■ Exercise directions
Once the line with "extrude(amount=F4_T26_DEPTH)" is found in the data, output it and each following line exactly, up to and including the line with "Circle(F4_S27_R)", and nothing before or after.

■ Excerpted data
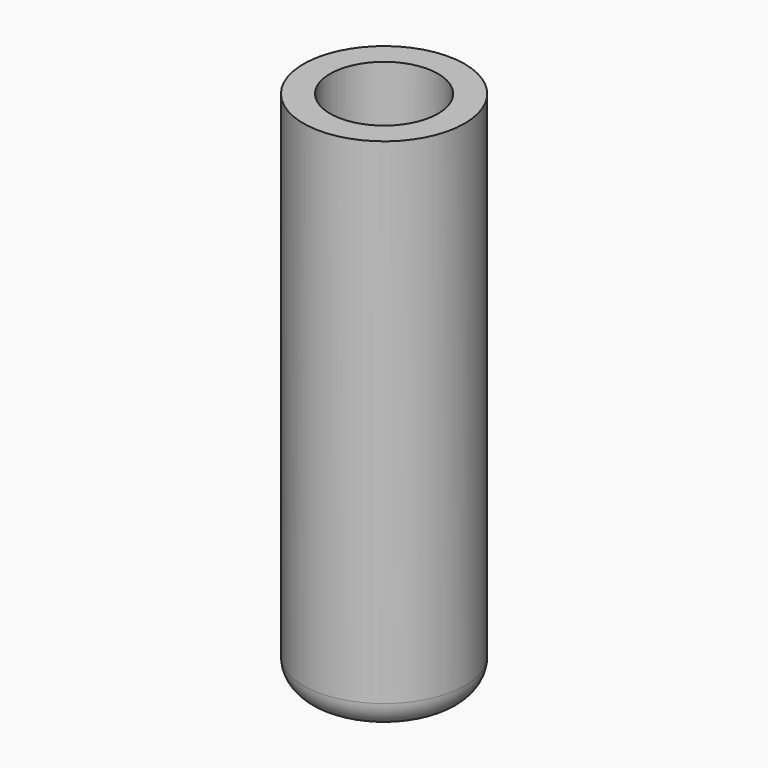
from build123d import *

# Parameters (mm, degrees)
F0_W = 7.6932697557
F0_H = 49.7964322567
F2_T = -2.54
F3_R = 2.53999


# Not quite as in the source:
# - a fillet or chamfer is up to 0.001 mm smaller than in the source, because OpenCascade refuses the exact size


with BuildPart() as f1:
    # F0 (on Front) → F1 (revolve)
    with BuildSketch(Plane.XZ):
        with Locations((3.8466348778, 4.3362062424)):
            Rectangle(F0_W, F0_H)
    revolve(axis=Axis((0, 0, 4.3362062424), (0, 0, -1)))

    # F2
    f2_openings = [f1.faces().sort_by_distance(p)[0] for p in [
        (0, 0, 29.234422),
        (0, 0, -20.56201),
    ]]
    offset(amount=F2_T, openings=f2_openings)

    # F3 (radius 2.54 in the source; OpenCascade refuses exactly that, so slightly less here)
    f3_edges = [f1.edges().sort_by_distance(p)[0] for p in [
        (-7.69327, 0, -20.56201),
    ]]
    fillet(f3_edges, radius=F3_R)


solid = f1.part
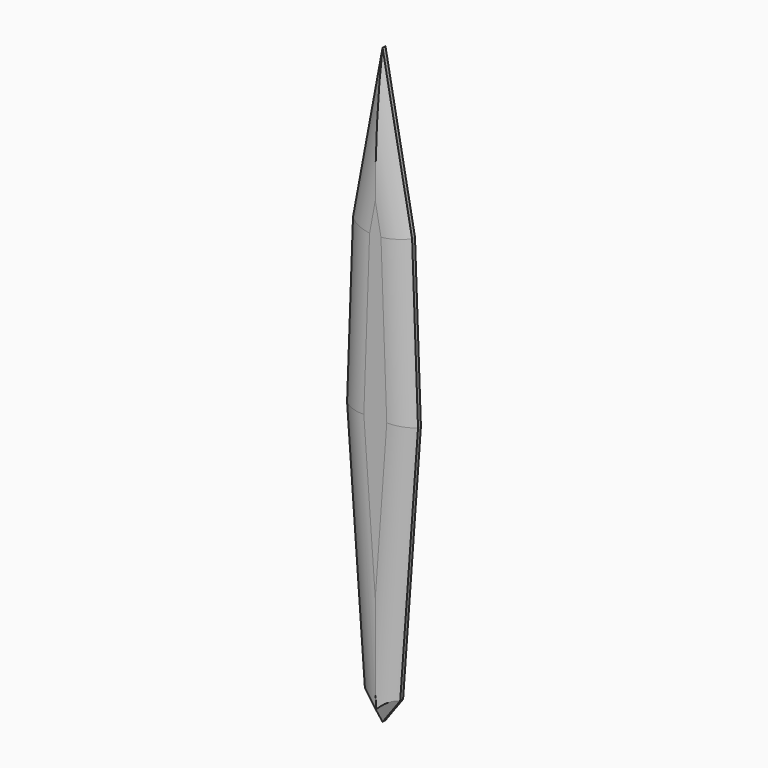
from build123d import *

# Parameters (mm, degrees)
F1_DEPTH     = 7.62
F2_DEPTH     = 7.62
F3_SIZE2     = 6.35
F3_SIZE      = 6.35
F4_T1_DEPTH  = 327.4383964473
F4_T3_DEPTH  = 323.6073894147
F4_T5_DEPTH  = 201.3367308849
F4_T7_DEPTH  = 201.3367308849
F4_T9_DEPTH  = 327.4383964473
F4_T11_DEPTH = 323.6073894147
F4_T13_DEPTH = 327.4383964473
F4_T15_DEPTH = 327.4383964473
F4_T20_DEPTH = 62.7434560732
F4_S21_R     = 25.4
F4_T22_DEPTH = 41
F4_T26_DEPTH = 62.7434560732
F4_S27_R     = 25.4
F4_T28_DEPTH = 41
F4_T32_DEPTH = 62.7434560732
F4_S33_R     = 25.4
F4_T34_DEPTH = 41
F4_T38_DEPTH = 62.7434560732
F4_S39_R     = 25.4
F4_T40_DEPTH = 41


# Not quite as in the source:
# - a fillet or chamfer that OpenCascade refuses, or shapes differently, is made with other operations: its cross-section is extruded or revolved along the edge and cut away or added


with BuildPart() as f1:
    # F0 (on Front) → F1 (new body)
    with BuildSketch(Plane.XZ):
        Polygon((20.717933774, 293.1892871857), (0, 404.365837574), (-20.717933774, 293.1892871857), (-24.8540937901, 177.8507977724), (-17.5723880529, 77.2872418165), (-12.3717649418, 5.4643513949), (0, -11.5514695644), (12.3717649418, 5.4643513949), (17.5723880529, 77.2872418165), (24.8540937901, 177.8507977724), align=None)
    extrude(amount=F1_DEPTH)

    # F2 (add): a face of the model
    f2_faces = [f1.faces().sort_by_distance(p)[0] for p in [
        (0, 0, 186.0406661008),
    ]]
    extrude(f2_faces, amount=F2_DEPTH)

    # F3
    f3_edges = [f1.edges().sort_by_distance(p)[0] for p in [
        (18.612929, -7.62, 91.657575),
        (22.786014, -7.62, 235.520042),
        (10.358967, -7.62, 348.777562),
        (-10.358967, -7.62, 348.777562),
        (-22.786014, -7.62, 235.520042),
        (-18.612929, -7.62, 91.657575),
        (-6.185882, -7.62, -3.043559),
        (6.185882, -7.62, -3.043559),
        (22.786014, 7.62, 235.520042),
        (10.358967, 7.62, 348.777562),
        (-10.358967, 7.62, 348.777562),
        (-22.786014, 7.62, 235.520042),
        (-18.612929, 7.62, 91.657575),
        (-6.185882, 7.62, -3.043559),
        (6.185882, 7.62, -3.043559),
        (18.612929, 7.62, 91.657575),
    ]]
    chamfer(f3_edges, length=F3_SIZE, length2=F3_SIZE2)

    # F4: fillet of radius 25.4 on 16 edges, made by hand

    # F4_s2 → F4_t1 (cut)
    with BuildSketch(Plane(origin=(22.3498393806, 0, 308.6611028095), x_dir=(0, 1, 0), z_dir=(-0.072219913, 0, -0.9973887327))):
        with BuildLine():
            ThreePointArc((-1.27, 11.9448239749), (-5.979524406, 4.1245592707), (-7.62, -4.8556968504))
            Line((-7.62, -4.8556968504), (-7.62, 5.5948239749))
            Line((-7.62, 5.5948239749), (-1.27, 11.9448239749))
        make_face()
    extrude(amount=F4_T1_DEPTH, mode=Mode.SUBTRACT)

    # F4_s4 → F4_t3 (cut)
    with BuildSketch(Plane(origin=(-1.668545053, 0, 46.5280514247), x_dir=(0, 1, 0), z_dir=(-0.0358380192, 0, 0.9993576119))):
        with BuildLine():
            ThreePointArc((-1.27, -31.2119481169), (-5.979524406, -23.3916834127), (-7.62, -14.4114272916))
            Line((-7.62, -14.4114272916), (-7.62, -24.8619481169))
            Line((-7.62, -24.8619481169), (-1.27, -31.2119481169))
        make_face()
        with BuildLine():
            ThreePointArc((1.27, -31.2119481169), (5.979524406, -23.3916834127), (7.62, -14.4114272916))
            Line((7.62, -14.4114272916), (7.62, -24.8619481169))
            Line((7.62, -24.8619481169), (1.27, -31.2119481169))
        make_face()
    extrude(amount=F4_T3_DEPTH, mode=Mode.SUBTRACT)

    # F4_s6 → F4_t5 (cut)
    with BuildSketch(Plane(origin=(-37.8349349921, 0, 203.0297809848), x_dir=(0, 1, 0), z_dir=(-0.1831978482, 0, 0.9830760644))):
        with BuildLine():
            ThreePointArc((-7.62, -57.2784304891), (-5.979524406, -66.2586866102), (-1.27, -74.0789513144))
            Line((-1.27, -74.0789513144), (-7.62, -67.7289513144))
            Line((-7.62, -67.7289513144), (-7.62, -57.2784304891))
        make_face()
        with BuildLine():
            ThreePointArc((7.62, -57.2784304891), (5.979524406, -66.2586866102), (1.27, -74.0789513144))
            Line((1.27, -74.0789513144), (7.62, -67.7289513144))
            Line((7.62, -67.7289513144), (7.62, -57.2784304891))
        make_face()
    extrude(amount=F4_T5_DEPTH, mode=Mode.SUBTRACT)

    # F4_s8 → F4_t7 (cut)
    with BuildSketch(Plane(origin=(74.7193908465, 0, 400.9591020056), x_dir=(0, 1, 0), z_dir=(-0.1831978482, 0, -0.9830760644))):
        with BuildLine():
            ThreePointArc((-7.62, -57.2784304891), (-5.979524406, -66.2586866102), (-1.27, -74.0789513144))
            Line((-1.27, -74.0789513144), (-7.62, -67.7289513144))
            Line((-7.62, -67.7289513144), (-7.62, -57.2784304891))
        make_face()
        with BuildLine():
            ThreePointArc((7.62, -57.2784304891), (5.979524406, -66.2586866102), (1.27, -74.0789513144))
            Line((1.27, -74.0789513144), (7.62, -67.7289513144))
            Line((7.62, -67.7289513144), (7.62, -57.2784304891))
        make_face()
    extrude(amount=F4_T7_DEPTH, mode=Mode.SUBTRACT)

    # F4_s10 → F4_t9 (cut)
    with BuildSketch(Plane(origin=(1.2977331079, 0, -17.9222644696), x_dir=(0, 1, 0), z_dir=(-0.072219913, 0, 0.9973887327))):
        with BuildLine():
            ThreePointArc((-7.62, -4.8556968504), (-5.979524406, 4.1245592707), (-1.27, 11.9448239749))
            Line((-1.27, 11.9448239749), (-7.62, 5.5948239749))
            Line((-7.62, 5.5948239749), (-7.62, -4.8556968504))
        make_face()
    extrude(amount=F4_T9_DEPTH, mode=Mode.SUBTRACT)

    # F4_s12 → F4_t11 (cut)
    with BuildSketch(Plane(origin=(13.265992882, 0, 369.9275592901), x_dir=(0, 1, 0), z_dir=(-0.0358380192, 0, -0.9993576119))):
        with BuildLine():
            ThreePointArc((-7.62, -14.4114272916), (-5.979524406, -23.3916834127), (-1.27, -31.2119481169))
            Line((-1.27, -31.2119481169), (-7.62, -24.8619481169))
            Line((-7.62, -24.8619481169), (-7.62, -14.4114272916))
        make_face()
        with BuildLine():
            ThreePointArc((7.62, -14.4114272916), (5.979524406, -23.3916834127), (1.27, -31.2119481169))
            Line((1.27, -31.2119481169), (7.62, -24.8619481169))
            Line((7.62, -24.8619481169), (7.62, -14.4114272916))
        make_face()
    extrude(amount=F4_T11_DEPTH, mode=Mode.SUBTRACT)

    # F4_s14 → F4_t13 (cut)
    with BuildSketch(Plane(origin=(-1.2977331079, 0, -17.9222644696), x_dir=(0, 1, 0), z_dir=(0.072219913, 0, 0.9973887327))):
        with BuildLine():
            ThreePointArc((1.27, -11.9448239749), (5.979524406, -4.1245592707), (7.62, 4.8556968504))
            Line((7.62, 4.8556968504), (7.62, -5.5948239749))
            Line((7.62, -5.5948239749), (1.27, -11.9448239749))
        make_face()
    extrude(amount=F4_T13_DEPTH, mode=Mode.SUBTRACT)

    # F4_s16 → F4_t15 (cut)
    with BuildSketch(Plane(origin=(-22.3498393806, 0, 308.6611028095), x_dir=(0, 1, 0), z_dir=(0.072219913, 0, -0.9973887327))):
        with BuildLine():
            ThreePointArc((7.62, 4.8556968504), (5.979524406, -4.1245592707), (1.27, -11.9448239749))
            Line((1.27, -11.9448239749), (7.62, -5.5948239749))
            Line((7.62, -5.5948239749), (7.62, 4.8556968504))
        make_face()
    extrude(amount=F4_T15_DEPTH, mode=Mode.SUBTRACT)


with BuildPart() as f4_tool18:
    # F4_s19 → F4_t20 (new body)
    with BuildSketch(Plane(origin=(-15.7223396598, 0, -21.6241189491), x_dir=(0, 1, 0), z_dir=(0.5880666869, 0, 0.8088124454))):
        with BuildLine():
            ThreePointArc((-7.62, 10.0074863899), (-5.979524406, 1.0272302688), (-1.27, -6.7930344354))
            Line((-1.27, -6.7930344354), (-7.62, -0.4430344354))
            Line((-7.62, -0.4430344354), (-7.62, 10.0074863899))
        make_face()
    extrude(amount=F4_T20_DEPTH)

    # F4_s21 → F4_t22 (cut, symmetric)
    with BuildSketch(Plane(origin=(0.3466555822, 0, 4.7874659171), x_dir=(0, 1, 0), z_dir=(0.072219913, 0, 0.9973887327))):
        with Locations((17.78, 4.8556968504)):
            Circle(F4_S21_R)
    extrude(amount=F4_T22_DEPTH, both=True, mode=Mode.SUBTRACT)


with BuildPart() as f1_1:
    add(f1.part)

    # F4_t17: cut F4_tool18
    add(f4_tool18.part, mode=Mode.SUBTRACT)


with BuildPart() as f4_tool24:
    # F4_s25 → F4_t26 (new body)
    with BuildSketch(Plane(origin=(-21.1749966767, 0, 29.1235691883), x_dir=(0, 1, 0), z_dir=(0.5880666869, 0, -0.8088124454))):
        with BuildLine():
            ThreePointArc((-7.62, 10.0074863899), (-5.979524406, 1.0272302688), (-1.27, -6.7930344354))
            Line((-1.27, -6.7930344354), (-7.62, -0.4430344354))
            Line((-7.62, -0.4430344354), (-7.62, 10.0074863899))
        make_face()
    extrude(amount=F4_T26_DEPTH)

    # F4_s27 → F4_t28 (cut, symmetric)
    with BuildSketch(Plane(origin=(-0.3466555822, 0, 4.7874659171), x_dir=(0, 1, 0), z_dir=(0.072219913, 0, -0.9973887327))):
        with Locations((17.78, 4.8556968504)):
            Circle(F4_S27_R)
    extrude(amount=F4_T28_DEPTH, both=True, mode=Mode.SUBTRACT)


with BuildPart() as f1_2:
    add(f1_1.part)

    # F4_t23: cut F4_tool24
    add(f4_tool24.part, mode=Mode.SUBTRACT)


with BuildPart() as f4_tool30:
    # F4_s31 → F4_t32 (new body)
    with BuildSketch(Plane(origin=(-15.7223396598, 0, -21.6241189491), x_dir=(0, 1, 0), z_dir=(0.5880666869, 0, 0.8088124454))):
        with BuildLine():
            ThreePointArc((1.27, -6.7930344354), (5.979524406, 1.0272302688), (7.62, 10.0074863899))
            Line((7.62, 10.0074863899), (7.62, -0.4430344354))
            Line((7.62, -0.4430344354), (1.27, -6.7930344354))
        make_face()
    extrude(amount=F4_T32_DEPTH)

    # F4_s33 → F4_t34 (cut, symmetric)
    with BuildSketch(Plane(origin=(0.3466555822, 0, 4.7874659171), x_dir=(0, 1, 0), z_dir=(-0.072219913, 0, -0.9973887327))):
        with Locations((-17.78, -4.8556968504)):
            Circle(F4_S33_R)
    extrude(amount=F4_T34_DEPTH, both=True, mode=Mode.SUBTRACT)


with BuildPart() as f1_3:
    add(f1_2.part)

    # F4_t29: cut F4_tool30
    add(f4_tool30.part, mode=Mode.SUBTRACT)


with BuildPart() as f4_tool36:
    # F4_s37 → F4_t38 (new body)
    with BuildSketch(Plane(origin=(-21.1749966767, 0, 29.1235691883), x_dir=(0, 1, 0), z_dir=(0.5880666869, 0, -0.8088124454))):
        with BuildLine():
            ThreePointArc((7.62, 10.0074863899), (5.979524406, 1.0272302688), (1.27, -6.7930344354))
            Line((1.27, -6.7930344354), (7.62, -0.4430344354))
            Line((7.62, -0.4430344354), (7.62, 10.0074863899))
        make_face()
    extrude(amount=F4_T38_DEPTH)

    # F4_s39 → F4_t40 (cut, symmetric)
    with BuildSketch(Plane(origin=(-0.3466555822, 0, 4.7874659171), x_dir=(0, 1, 0), z_dir=(-0.072219913, 0, 0.9973887327))):
        with Locations((-17.78, -4.8556968504)):
            Circle(F4_S39_R)
    extrude(amount=F4_T40_DEPTH, both=True, mode=Mode.SUBTRACT)


with BuildPart() as f1_4:
    add(f1_3.part)

    # F4_t35: cut F4_tool36
    add(f4_tool36.part, mode=Mode.SUBTRACT)


solid = f1_4.part

■ Response to the task
    extrude(amount=F4_T26_DEPTH)

    # F4_s27 → F4_t28 (cut, symmetric)
    with BuildSketch(Plane(origin=(-0.3466555822, 0, 4.7874659171), x_dir=(0, 1, 0), z_dir=(0.072219913, 0, -0.9973887327))):
        with Locations((17.78, 4.8556968504)):
            Circle(F4_S27_R)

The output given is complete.